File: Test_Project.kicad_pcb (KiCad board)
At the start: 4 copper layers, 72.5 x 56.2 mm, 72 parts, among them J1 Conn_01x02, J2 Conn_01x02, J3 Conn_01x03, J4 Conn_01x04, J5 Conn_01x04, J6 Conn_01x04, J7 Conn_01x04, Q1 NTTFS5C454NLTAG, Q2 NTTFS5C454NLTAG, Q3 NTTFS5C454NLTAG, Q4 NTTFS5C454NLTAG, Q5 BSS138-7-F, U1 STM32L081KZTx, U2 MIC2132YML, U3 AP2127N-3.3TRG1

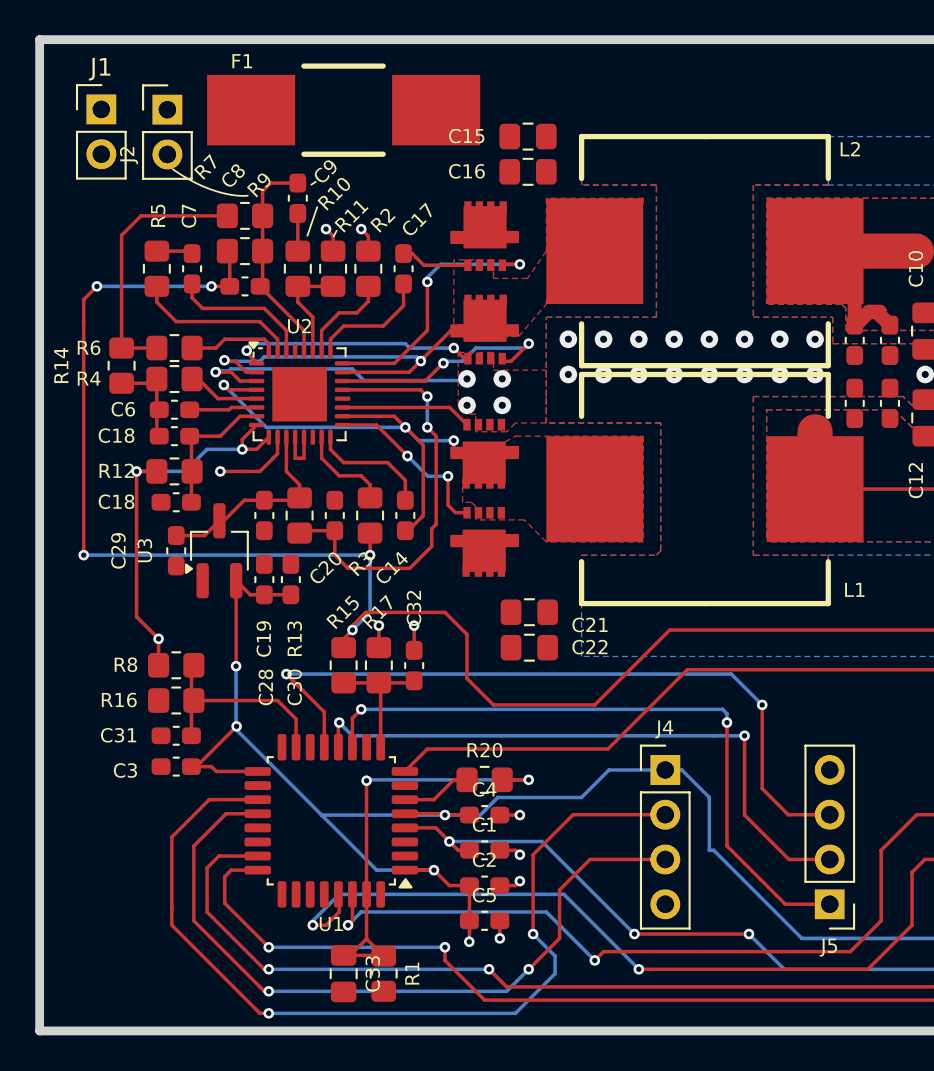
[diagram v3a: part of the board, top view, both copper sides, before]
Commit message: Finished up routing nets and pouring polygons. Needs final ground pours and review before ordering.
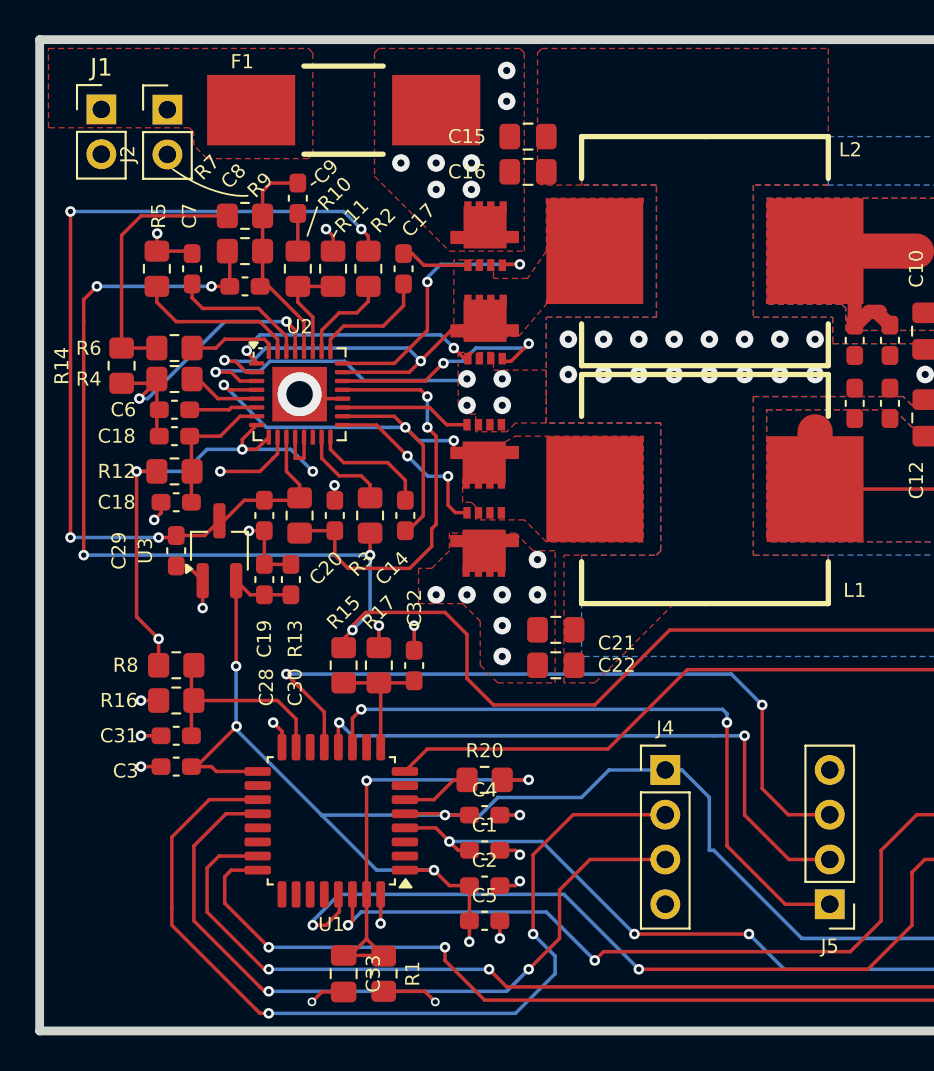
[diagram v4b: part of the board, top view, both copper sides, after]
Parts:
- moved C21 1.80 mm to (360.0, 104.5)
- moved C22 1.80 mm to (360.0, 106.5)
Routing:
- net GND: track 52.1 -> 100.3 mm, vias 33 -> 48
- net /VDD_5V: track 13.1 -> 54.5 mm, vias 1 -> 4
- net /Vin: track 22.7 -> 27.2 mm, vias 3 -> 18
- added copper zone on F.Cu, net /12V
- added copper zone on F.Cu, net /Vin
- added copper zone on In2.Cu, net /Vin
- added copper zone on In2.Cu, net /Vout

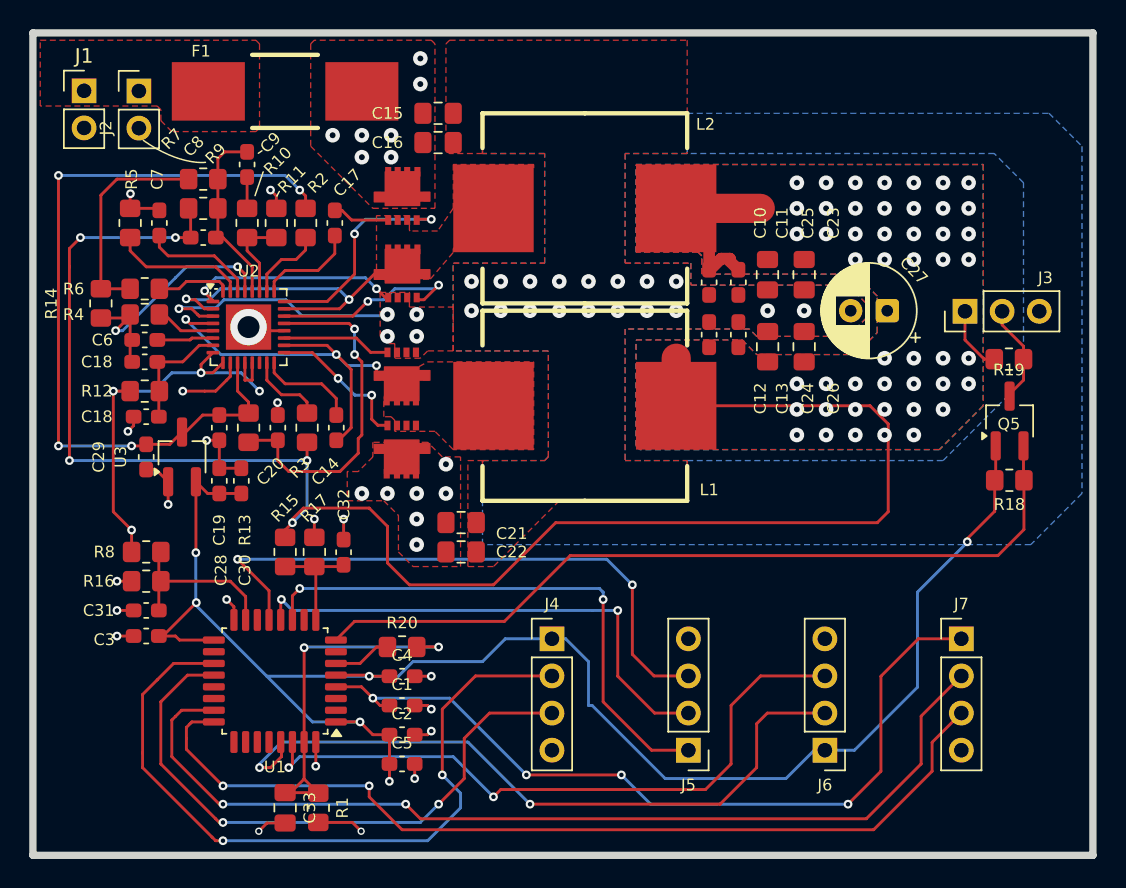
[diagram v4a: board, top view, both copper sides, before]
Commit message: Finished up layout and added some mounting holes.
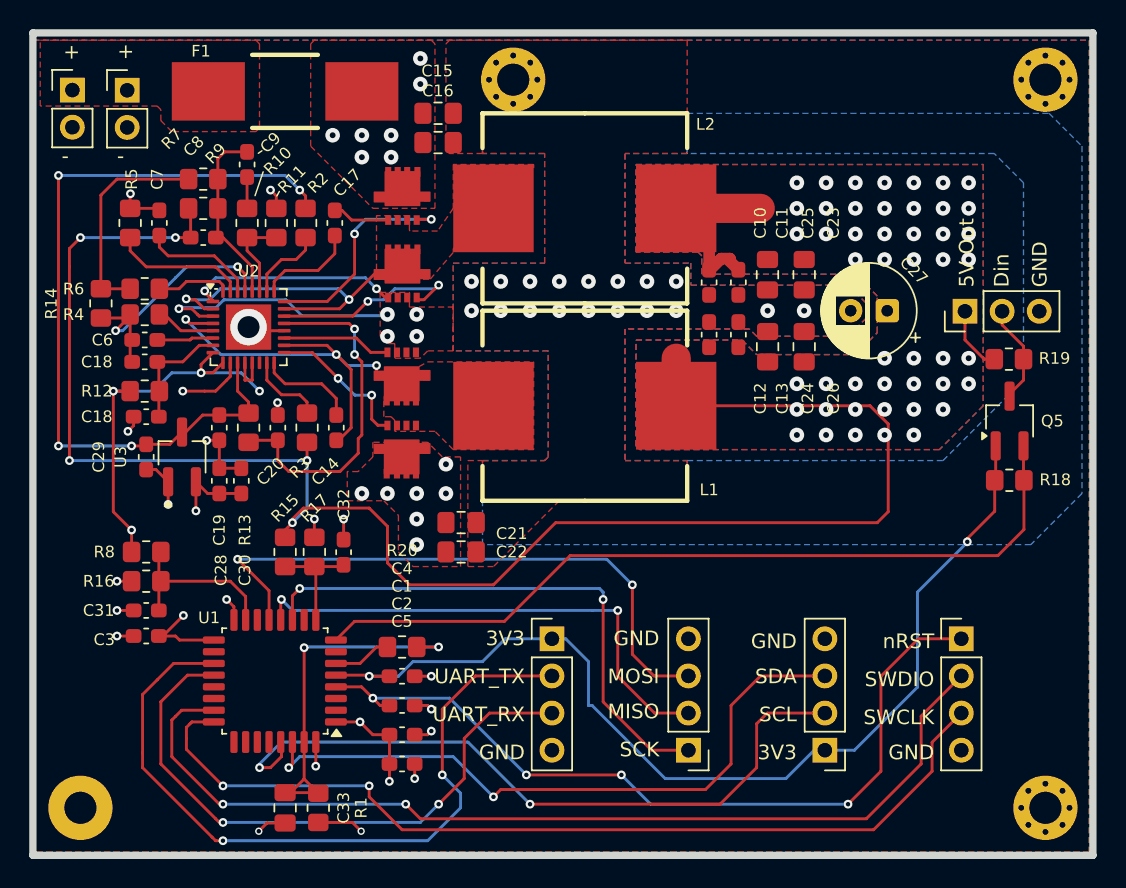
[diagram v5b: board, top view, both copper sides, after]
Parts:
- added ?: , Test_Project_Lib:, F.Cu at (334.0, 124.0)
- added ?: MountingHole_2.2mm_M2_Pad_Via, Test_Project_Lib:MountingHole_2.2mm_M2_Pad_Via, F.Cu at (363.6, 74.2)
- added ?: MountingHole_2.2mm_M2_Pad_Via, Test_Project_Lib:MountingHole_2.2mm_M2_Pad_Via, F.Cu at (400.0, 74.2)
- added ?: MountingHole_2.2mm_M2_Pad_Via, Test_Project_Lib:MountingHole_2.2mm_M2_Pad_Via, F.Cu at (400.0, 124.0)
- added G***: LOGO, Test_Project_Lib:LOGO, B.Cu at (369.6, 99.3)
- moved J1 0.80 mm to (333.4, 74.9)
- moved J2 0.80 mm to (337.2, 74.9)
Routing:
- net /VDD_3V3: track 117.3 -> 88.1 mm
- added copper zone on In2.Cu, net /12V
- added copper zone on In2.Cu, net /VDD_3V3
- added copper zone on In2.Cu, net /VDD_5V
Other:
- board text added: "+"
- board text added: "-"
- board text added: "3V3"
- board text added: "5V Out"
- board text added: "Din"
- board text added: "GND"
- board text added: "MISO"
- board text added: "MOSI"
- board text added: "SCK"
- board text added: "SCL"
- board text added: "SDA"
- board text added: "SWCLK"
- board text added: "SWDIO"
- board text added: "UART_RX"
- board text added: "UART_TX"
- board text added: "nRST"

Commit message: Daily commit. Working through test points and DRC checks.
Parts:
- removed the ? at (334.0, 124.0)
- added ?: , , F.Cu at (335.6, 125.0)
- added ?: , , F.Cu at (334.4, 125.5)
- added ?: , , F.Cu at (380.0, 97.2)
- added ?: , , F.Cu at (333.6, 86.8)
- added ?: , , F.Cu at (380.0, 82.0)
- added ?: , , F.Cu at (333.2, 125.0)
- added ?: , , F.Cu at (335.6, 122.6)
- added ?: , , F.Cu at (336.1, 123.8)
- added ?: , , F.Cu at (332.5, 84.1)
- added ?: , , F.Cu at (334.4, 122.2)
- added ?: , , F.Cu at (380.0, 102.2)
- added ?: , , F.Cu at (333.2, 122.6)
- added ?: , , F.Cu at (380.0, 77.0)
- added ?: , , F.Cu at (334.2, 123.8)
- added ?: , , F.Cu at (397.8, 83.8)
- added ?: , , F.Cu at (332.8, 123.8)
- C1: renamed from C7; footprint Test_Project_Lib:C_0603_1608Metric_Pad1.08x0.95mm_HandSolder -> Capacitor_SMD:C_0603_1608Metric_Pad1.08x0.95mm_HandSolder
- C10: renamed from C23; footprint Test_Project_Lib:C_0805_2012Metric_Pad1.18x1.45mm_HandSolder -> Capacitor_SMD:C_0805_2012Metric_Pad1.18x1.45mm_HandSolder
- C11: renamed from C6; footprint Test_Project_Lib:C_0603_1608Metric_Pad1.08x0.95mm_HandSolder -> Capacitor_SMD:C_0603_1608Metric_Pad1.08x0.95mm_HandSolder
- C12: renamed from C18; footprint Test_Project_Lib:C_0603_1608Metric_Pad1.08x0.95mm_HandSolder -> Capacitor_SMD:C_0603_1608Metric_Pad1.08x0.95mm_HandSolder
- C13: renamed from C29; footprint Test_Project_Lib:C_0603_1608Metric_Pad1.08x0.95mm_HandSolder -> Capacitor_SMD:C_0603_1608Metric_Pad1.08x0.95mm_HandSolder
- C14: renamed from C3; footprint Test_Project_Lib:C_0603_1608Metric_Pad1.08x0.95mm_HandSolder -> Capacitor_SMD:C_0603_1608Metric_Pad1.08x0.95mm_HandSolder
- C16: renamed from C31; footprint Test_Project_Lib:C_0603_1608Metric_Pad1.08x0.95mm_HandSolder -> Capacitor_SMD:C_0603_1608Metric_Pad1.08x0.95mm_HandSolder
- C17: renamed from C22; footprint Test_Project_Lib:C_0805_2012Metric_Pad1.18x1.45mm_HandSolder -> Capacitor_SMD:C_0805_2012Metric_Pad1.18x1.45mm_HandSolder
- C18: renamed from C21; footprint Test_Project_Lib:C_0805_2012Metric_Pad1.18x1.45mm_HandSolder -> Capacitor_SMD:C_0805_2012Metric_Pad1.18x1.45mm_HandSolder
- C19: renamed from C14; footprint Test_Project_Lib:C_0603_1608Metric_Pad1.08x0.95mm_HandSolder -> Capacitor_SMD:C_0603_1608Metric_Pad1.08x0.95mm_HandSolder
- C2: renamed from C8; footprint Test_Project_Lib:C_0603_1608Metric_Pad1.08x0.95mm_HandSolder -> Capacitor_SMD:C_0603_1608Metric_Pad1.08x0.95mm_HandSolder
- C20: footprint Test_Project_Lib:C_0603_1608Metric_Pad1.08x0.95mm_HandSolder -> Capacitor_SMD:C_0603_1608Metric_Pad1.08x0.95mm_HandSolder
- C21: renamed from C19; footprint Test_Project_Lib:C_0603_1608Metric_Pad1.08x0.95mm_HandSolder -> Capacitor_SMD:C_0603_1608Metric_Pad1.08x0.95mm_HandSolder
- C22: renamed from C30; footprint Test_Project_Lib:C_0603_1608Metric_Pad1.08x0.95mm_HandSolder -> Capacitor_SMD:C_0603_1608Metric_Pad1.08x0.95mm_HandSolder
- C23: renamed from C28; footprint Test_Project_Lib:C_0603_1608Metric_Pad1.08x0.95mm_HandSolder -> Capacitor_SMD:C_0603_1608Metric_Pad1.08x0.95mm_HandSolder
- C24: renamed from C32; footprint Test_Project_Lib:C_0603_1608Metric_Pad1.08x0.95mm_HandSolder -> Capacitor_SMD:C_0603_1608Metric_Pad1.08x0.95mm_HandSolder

Work required: Copy every line above word for word and exclude the pictures.

Written solution:
File: Test_Project.kicad_pcb (KiCad board)
At the start: 4 copper layers, 72.5 x 56.2 mm, 72 parts, among them J1 Conn_01x02, J2 Conn_01x02, J3 Conn_01x03, J4 Conn_01x04, J5 Conn_01x04, J6 Conn_01x04, J7 Conn_01x04, Q1 NTTFS5C454NLTAG, Q2 NTTFS5C454NLTAG, Q3 NTTFS5C454NLTAG, Q4 NTTFS5C454NLTAG, Q5 BSS138-7-F, U1 STM32L081KZTx, U2 MIC2132YML, U3 AP2127N-3.3TRG1

[diagram v3a: part of the board, top view, both copper sides, before]
Commit message: Finished up routing nets and pouring polygons. Needs final ground pours and review before ordering.
[diagram v4b: part of the board, top view, both copper sides, after]
Parts:
- moved C21 1.80 mm to (360.0, 104.5)
- moved C22 1.80 mm to (360.0, 106.5)
Routing:
- net GND: track 52.1 -> 100.3 mm, vias 33 -> 48
- net /VDD_5V: track 13.1 -> 54.5 mm, vias 1 -> 4
- net /Vin: track 22.7 -> 27.2 mm, vias 3 -> 18
- added copper zone on F.Cu, net /12V
- added copper zone on F.Cu, net /Vin
- added copper zone on In2.Cu, net /Vin
- added copper zone on In2.Cu, net /Vout

[diagram v4a: board, top view, both copper sides, before]
Commit message: Finished up layout and added some mounting holes.
[diagram v5b: board, top view, both copper sides, after]
Parts:
- added ?: , Test_Project_Lib:, F.Cu at (334.0, 124.0)
- added ?: MountingHole_2.2mm_M2_Pad_Via, Test_Project_Lib:MountingHole_2.2mm_M2_Pad_Via, F.Cu at (363.6, 74.2)
- added ?: MountingHole_2.2mm_M2_Pad_Via, Test_Project_Lib:MountingHole_2.2mm_M2_Pad_Via, F.Cu at (400.0, 74.2)
- added ?: MountingHole_2.2mm_M2_Pad_Via, Test_Project_Lib:MountingHole_2.2mm_M2_Pad_Via, F.Cu at (400.0, 124.0)
- added G***: LOGO, Test_Project_Lib:LOGO, B.Cu at (369.6, 99.3)
- moved J1 0.80 mm to (333.4, 74.9)
- moved J2 0.80 mm to (337.2, 74.9)
Routing:
- net /VDD_3V3: track 117.3 -> 88.1 mm
- added copper zone on In2.Cu, net /12V
- added copper zone on In2.Cu, net /VDD_3V3
- added copper zone on In2.Cu, net /VDD_5V
Other:
- board text added: "+"
- board text added: "-"
- board text added: "3V3"
- board text added: "5V Out"
- board text added: "Din"
- board text added: "GND"
- board text added: "MISO"
- board text added: "MOSI"
- board text added: "SCK"
- board text added: "SCL"
- board text added: "SDA"
- board text added: "SWCLK"
- board text added: "SWDIO"
- board text added: "UART_RX"
- board text added: "UART_TX"
- board text added: "nRST"

Commit message: Daily commit. Working through test points and DRC checks.
Parts:
- removed the ? at (334.0, 124.0)
- added ?: , , F.Cu at (335.6, 125.0)
- added ?: , , F.Cu at (334.4, 125.5)
- added ?: , , F.Cu at (380.0, 97.2)
- added ?: , , F.Cu at (333.6, 86.8)
- added ?: , , F.Cu at (380.0, 82.0)
- added ?: , , F.Cu at (333.2, 125.0)
- added ?: , , F.Cu at (335.6, 122.6)
- added ?: , , F.Cu at (336.1, 123.8)
- added ?: , , F.Cu at (332.5, 84.1)
- added ?: , , F.Cu at (334.4, 122.2)
- added ?: , , F.Cu at (380.0, 102.2)
- added ?: , , F.Cu at (333.2, 122.6)
- added ?: , , F.Cu at (380.0, 77.0)
- added ?: , , F.Cu at (334.2, 123.8)
- added ?: , , F.Cu at (397.8, 83.8)
- added ?: , , F.Cu at (332.8, 123.8)
- C1: renamed from C7; footprint Test_Project_Lib:C_0603_1608Metric_Pad1.08x0.95mm_HandSolder -> Capacitor_SMD:C_0603_1608Metric_Pad1.08x0.95mm_HandSolder
- C10: renamed from C23; footprint Test_Project_Lib:C_0805_2012Metric_Pad1.18x1.45mm_HandSolder -> Capacitor_SMD:C_0805_2012Metric_Pad1.18x1.45mm_HandSolder
- C11: renamed from C6; footprint Test_Project_Lib:C_0603_1608Metric_Pad1.08x0.95mm_HandSolder -> Capacitor_SMD:C_0603_1608Metric_Pad1.08x0.95mm_HandSolder
- C12: renamed from C18; footprint Test_Project_Lib:C_0603_1608Metric_Pad1.08x0.95mm_HandSolder -> Capacitor_SMD:C_0603_1608Metric_Pad1.08x0.95mm_HandSolder
- C13: renamed from C29; footprint Test_Project_Lib:C_0603_1608Metric_Pad1.08x0.95mm_HandSolder -> Capacitor_SMD:C_0603_1608Metric_Pad1.08x0.95mm_HandSolder
- C14: renamed from C3; footprint Test_Project_Lib:C_0603_1608Metric_Pad1.08x0.95mm_HandSolder -> Capacitor_SMD:C_0603_1608Metric_Pad1.08x0.95mm_HandSolder
- C16: renamed from C31; footprint Test_Project_Lib:C_0603_1608Metric_Pad1.08x0.95mm_HandSolder -> Capacitor_SMD:C_0603_1608Metric_Pad1.08x0.95mm_HandSolder
- C17: renamed from C22; footprint Test_Project_Lib:C_0805_2012Metric_Pad1.18x1.45mm_HandSolder -> Capacitor_SMD:C_0805_2012Metric_Pad1.18x1.45mm_HandSolder
- C18: renamed from C21; footprint Test_Project_Lib:C_0805_2012Metric_Pad1.18x1.45mm_HandSolder -> Capacitor_SMD:C_0805_2012Metric_Pad1.18x1.45mm_HandSolder
- C19: renamed from C14; footprint Test_Project_Lib:C_0603_1608Metric_Pad1.08x0.95mm_HandSolder -> Capacitor_SMD:C_0603_1608Metric_Pad1.08x0.95mm_HandSolder
- C2: renamed from C8; footprint Test_Project_Lib:C_0603_1608Metric_Pad1.08x0.95mm_HandSolder -> Capacitor_SMD:C_0603_1608Metric_Pad1.08x0.95mm_HandSolder
- C20: footprint Test_Project_Lib:C_0603_1608Metric_Pad1.08x0.95mm_HandSolder -> Capacitor_SMD:C_0603_1608Metric_Pad1.08x0.95mm_HandSolder
- C21: renamed from C19; footprint Test_Project_Lib:C_0603_1608Metric_Pad1.08x0.95mm_HandSolder -> Capacitor_SMD:C_0603_1608Metric_Pad1.08x0.95mm_HandSolder
- C22: renamed from C30; footprint Test_Project_Lib:C_0603_1608Metric_Pad1.08x0.95mm_HandSolder -> Capacitor_SMD:C_0603_1608Metric_Pad1.08x0.95mm_HandSolder
- C23: renamed from C28; footprint Test_Project_Lib:C_0603_1608Metric_Pad1.08x0.95mm_HandSolder -> Capacitor_SMD:C_0603_1608Metric_Pad1.08x0.95mm_HandSolder
- C24: renamed from C32; footprint Test_Project_Lib:C_0603_1608Metric_Pad1.08x0.95mm_HandSolder -> Capacitor_SMD:C_0603_1608Metric_Pad1.08x0.95mm_HandSolder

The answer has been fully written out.